### What is needed
Could you repeat all of the entries word for word, minus any pictures?

• • • •

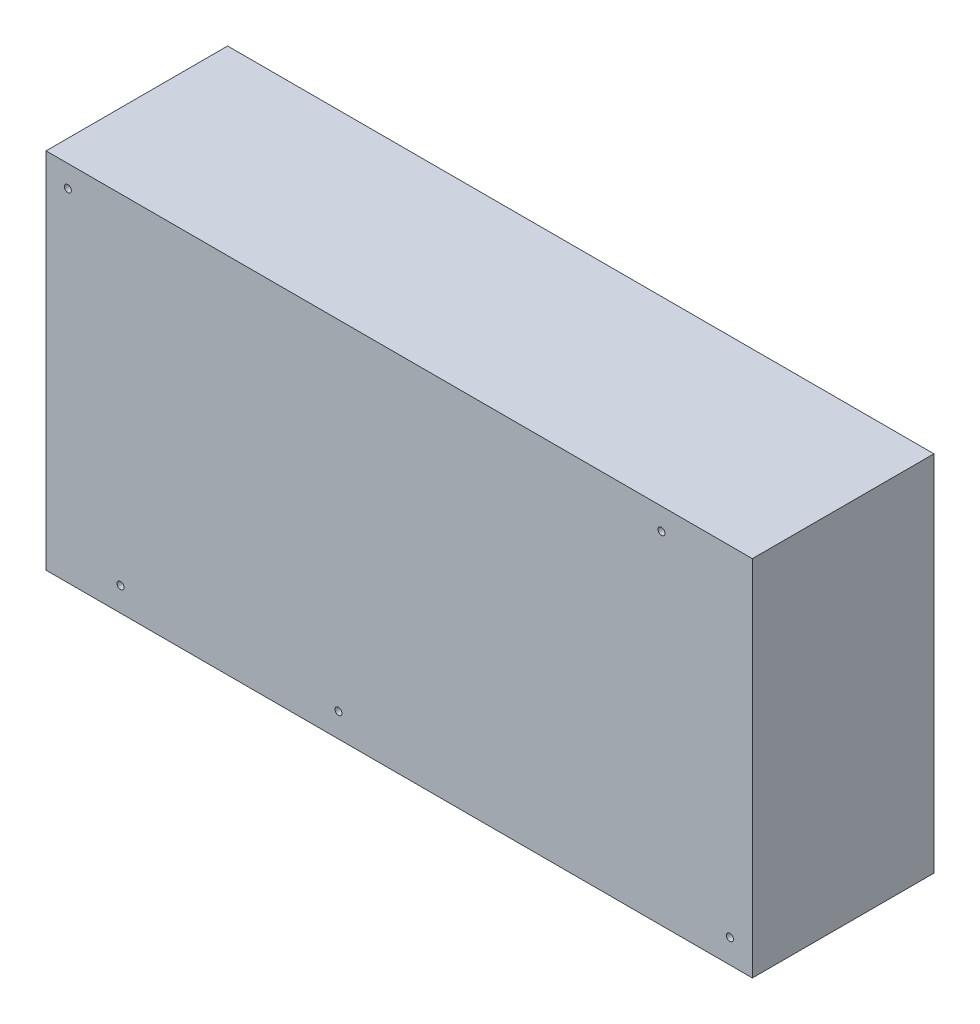
from build123d import *

# Parameters (mm, degrees)
SKETCH1_W                   = 247
SKETCH1_H                   = 127
BOSS_EXTRUDE1_DEPTH         = 63.5
F_41_0_096_DIAMETER_HOLE1_D = 2.4384


with BuildPart() as part:
    # Sketch1 → Boss-Extrude1 (new body)
    with BuildSketch(Plane.XY):
        Rectangle(SKETCH1_W, SKETCH1_H)
    extrude(amount=BOSS_EXTRUDE1_DEPTH)

    # #41 (0.096) Diameter Hole1 (through all)
    with Locations(Plane.XY.offset(63.5)):
        with Locations((-115.88, 55.88), (-97.465, -55.118), (-21.265, -55.118), (115.641, -55.118), (91.7015, 55.88)):
            Hole(F_41_0_096_DIAMETER_HOLE1_D / 2)


solid = part.part

• • • •

### Written answer
from build123d import *

# Parameters (mm, degrees)
SKETCH1_W                   = 247
SKETCH1_H                   = 127
BOSS_EXTRUDE1_DEPTH         = 63.5
F_41_0_096_DIAMETER_HOLE1_D = 2.4384


with BuildPart() as part:
    # Sketch1 → Boss-Extrude1 (new body)
    with BuildSketch(Plane.XY):
        Rectangle(SKETCH1_W, SKETCH1_H)
    extrude(amount=BOSS_EXTRUDE1_DEPTH)

    # #41 (0.096) Diameter Hole1 (through all)
    with Locations(Plane.XY.offset(63.5)):
        with Locations((-115.88, 55.88), (-97.465, -55.118), (-21.265, -55.118), (115.641, -55.118), (91.7015, 55.88)):
            Hole(F_41_0_096_DIAMETER_HOLE1_D / 2)


solid = part.part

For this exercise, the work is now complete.